Is it really so much to ask that they keep their stuff (e.g., their trucks, supplies, etc.) on their construction site and not in the middle of the street (or, more importantly, in my preferred parking space on said street)?

Is it really so much to ask that they give us notice when they are going to shut down the street?

Do they have to yell at someone across the site, who probably can’t hear them anyway (see: OMG THE NOISE) at 7:00 in the damn morning?  Haven’t they heard of texting?  You can put those things on vibrate, you know.

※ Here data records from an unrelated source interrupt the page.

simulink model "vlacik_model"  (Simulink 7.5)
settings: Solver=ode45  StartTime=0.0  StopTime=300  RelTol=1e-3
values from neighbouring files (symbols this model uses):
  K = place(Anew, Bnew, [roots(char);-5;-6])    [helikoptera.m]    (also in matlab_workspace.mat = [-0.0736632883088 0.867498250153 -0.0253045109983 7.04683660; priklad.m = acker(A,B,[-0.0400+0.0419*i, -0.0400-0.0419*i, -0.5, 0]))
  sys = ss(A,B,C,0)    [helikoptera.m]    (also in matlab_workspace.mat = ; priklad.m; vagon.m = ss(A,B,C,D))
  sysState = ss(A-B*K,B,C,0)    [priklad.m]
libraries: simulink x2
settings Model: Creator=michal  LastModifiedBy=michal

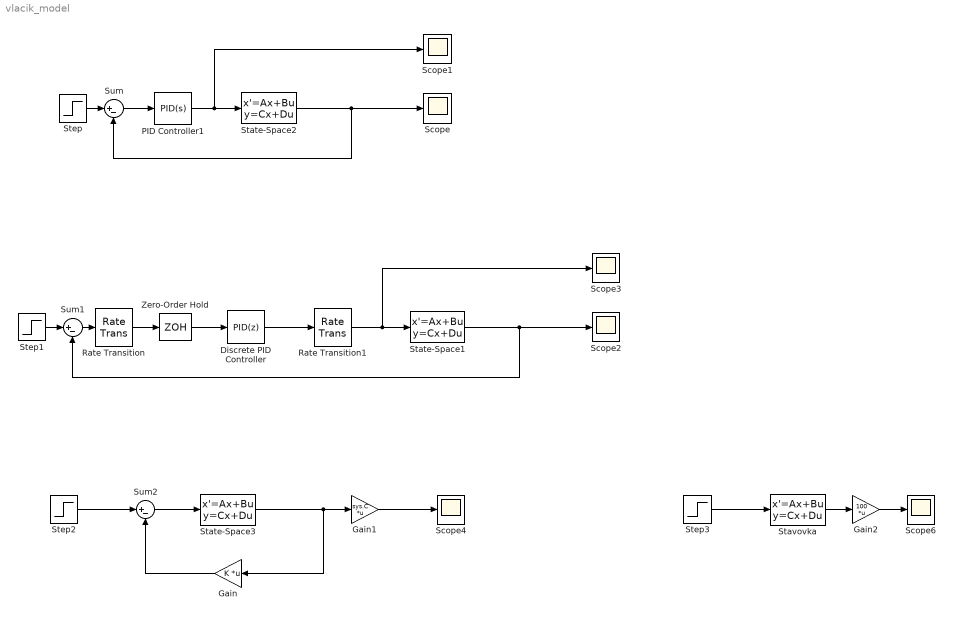
== system vlacik_model ==
  Discrete PID Controller : simulink/Continuous/PID Controller  DialogController=pidpack.PIDConfig.pidDDGCreate  DialogControllerArgs=DataTag0  SystemSampleTime=-1  Controller=PID  TimeDomain=Discrete-time  SampleTime=1  IntegratorMethod=Forward Euler  FilterMethod=Forward Euler  Form=Parallel  P=2000  I=100  D=0  N=100  InitialConditionSource=internal  InitialConditionForIntegrator=0  InitialConditionForFilter=0  ExternalReset=none  LimitOutput=on  UpperSaturationLimit=62000  LowerSaturationLimit=0  LinearizeAsGain=off  AntiWindupMode=none  Kb=1  TrackingMode=off  Kt=1  PParamMin=[]  PParamMax=[]  IParamMin=[]  IParamMax=[]  DParamMin=[]  DParamMax=[]  NParamMin=[]  NParamMax=[]  KbParamMin=[]  KbParamMax=[]  KtParamMin=[]  KtParamMax=[]  POutMin=[]  POutMax=[]  IOutMin=[]  IOutMax=[]  DOutMin=[]  DOutMax=[]  NOutMin=[]  NOutMax=[]  KbOutMin=[]  KbOutMax=[]  KtOutMin=[]  KtOutMax=[]  IntegratorOutMin=[]  IntegratorOutMax=[]  FilterOutMin=[]  FilterOutMax=[]  SumOutMin=[]  SumOutMax=[]  SumI1OutMin=[]  SumI1OutMax=[]  SumI2OutMin=[]  SumI2OutMax=[]  SumI3OutMin=[]  SumI3OutMax=[]  SumDOutMin=[]  SumDOutMax=[]  SaturationOutMin=[]  SaturationOutMax=[]  IntegratorContinuousStateAttributes=''  IntegratorStateMustResolveToSignalObject=off  IntegratorRTWStateStorageClass=Auto  FilterContinuousStateAttributes=''  FilterStateMustResolveToSignalObject=off  FilterRTWStateStorageClass=Auto
  Gain : Gain  Gain=K  Multiplication=Matrix(K*u)  ParameterDataType=fixdt(1, 16)  ParameterScaling=2^0  OutDataType=fixdt(1, 16)  OutScaling=2^0
  Gain1 : Gain  Gain=sys.C  Multiplication=Matrix(K*u)  ParameterDataType=fixdt(1, 16)  ParameterScaling=2^0  OutDataType=fixdt(1, 16)  OutScaling=2^0
  Gain2 : Gain  Gain=100  Multiplication=Matrix(K*u)  ParameterDataType=fixdt(1, 16)  ParameterScaling=2^0  OutDataType=fixdt(1, 16)  OutScaling=2^0
  PID Controller1 : simulink/Continuous/PID Controller  DialogController=pidpack.PIDConfig.pidDDGCreate  DialogControllerArgs=DataTag1  SystemSampleTime=-1  Controller=PID  TimeDomain=Continuous-time  SampleTime=1  IntegratorMethod=Forward Euler  FilterMethod=Forward Euler  Form=Parallel  P=2000  I=100  D=0  N=100  InitialConditionSource=internal  InitialConditionForIntegrator=0  InitialConditionForFilter=0  ExternalReset=none  LimitOutput=on  UpperSaturationLimit=62000  LowerSaturationLimit=0  LinearizeAsGain=off  AntiWindupMode=none  Kb=1  TrackingMode=off  Kt=1  PParamMin=[]  PParamMax=[]  IParamMin=[]  IParamMax=[]  DParamMin=[]  DParamMax=[]  NParamMin=[]  NParamMax=[]  KbParamMin=[]  KbParamMax=[]  KtParamMin=[]  KtParamMax=[]  POutMin=[]  POutMax=[]  IOutMin=[]  IOutMax=[]  DOutMin=[]  DOutMax=[]  NOutMin=[]  NOutMax=[]  KbOutMin=[]  KbOutMax=[]  KtOutMin=[]  KtOutMax=[]  IntegratorOutMin=[]  IntegratorOutMax=[]  FilterOutMin=[]  FilterOutMax=[]  SumOutMin=[]  SumOutMax=[]  SumI1OutMin=[]  SumI1OutMax=[]  SumI2OutMin=[]  SumI2OutMax=[]  SumI3OutMin=[]  SumI3OutMax=[]  SumDOutMin=[]  SumDOutMax=[]  SaturationOutMin=[]  SaturationOutMax=[]  IntegratorContinuousStateAttributes=''  IntegratorStateMustResolveToSignalObject=off  IntegratorRTWStateStorageClass=Auto  FilterContinuousStateAttributes=''  FilterStateMustResolveToSignalObject=off  FilterRTWStateStorageClass=Auto
  Rate Transition : RateTransition  OutPortSampleTime=1
  Rate Transition1 : RateTransition  OutPortSampleTime=1
  Scope{,1..4,6} (6 alike) : Scope
      Scope settings: TimeRange=300  YMin=14.9997  YMax=15
      Scope1 settings: YMin=-56  YMax=-37
      Scope2 settings: YMin=14.9997  YMax=15  SaveName=ScopeData2
      Scope3 settings: YMin=-56  YMax=-37  SaveName=ScopeData3
      Scope4 settings: YMin=0  YMax=8e-06  SaveName=ScopeData4
      Scope6 settings: YMin=0  YMax=8e-06  SaveName=ScopeData6
  State-Space1 : StateSpace  A=sys.a  B=sys.b  C=sys.c  D=sys.d
  State-Space2 : StateSpace  A=sys.a  B=sys.b  C=sys.c  D=sys.d
  State-Space3 : StateSpace  A=sys.a  B=sys.b  C=eye(4)  D=[0 0 0 0]'
  Stavovka : StateSpace  A=sysState.a  B=sysState.b  C=sysState.c  D=sysState.d
  Step : Step  Time=0  After=15  SampleTime=0
  Step1 : Step  Time=0  After=15  SampleTime=0
  Step2 : Step  Time=0  After=15  SampleTime=0
  Step3 : Step  Time=0  After=10  SampleTime=0
  Sum : Sum  Inputs=|+-  OutDataType=fixdt(1, 16)  OutScaling=2^0
  Sum1 : Sum  Inputs=|+-  OutDataType=fixdt(1, 16)  OutScaling=2^0
  Sum2 : Sum  Inputs=|+-  OutDataType=fixdt(1, 16)  OutScaling=2^0
  Zero-Order Hold : ZeroOrderHold
  wires:
  State-Space2/1 -> Scope/1, Sum/2
  Step/1 -> Sum/1
  Sum/1 -> PID Controller1/1
  PID Controller1/1 -> State-Space2/1, Scope1/1
  State-Space1/1 -> Scope2/1, Sum1/2
  Step1/1 -> Sum1/1
  Sum1/1 -> Rate Transition/1
  Rate Transition/1 -> Zero-Order Hold/1
  Discrete PID Controller/1 -> Rate Transition1/1
  Zero-Order Hold/1 -> Discrete PID Controller/1
  Rate Transition1/1 -> State-Space1/1, Scope3/1
  State-Space3/1 -> Gain/1, Gain1/1
  Sum2/1 -> State-Space3/1
  Gain/1 -> Sum2/2
  Gain1/1 -> Scope4/1
  Step2/1 -> Sum2/1
  Step3/1 -> Stavovka/1
  Stavovka/1 -> Gain2/1
  Gain2/1 -> Scope6/1

And most of all, how difficult would it really be to hire about five times as many people so that they can get shit done and go the hell away faster, thus avoiding the apparent need to spend a whole year completely ruining my previously peaceful (read: the whole reason I moved there in the first place) neighborhood with their noise?

One of these days, I am going to flip out when one of them asks me to move my car.  I will exhibit extreme levels of batshit crazy, because that is precisely where their existence next to my home has driven me.  They will stare at me incredulously, but I will not care, and it will not slow down the crazy.

Sometimes, I fantasize that one of them gets hurt.  Not badly, of course, but enough to bleed a bit and maybe require stitches.  I would call 911 for them, but I would giggle, too.  Because karma is a funny bitch, and that’s what you get for being inconsiderate.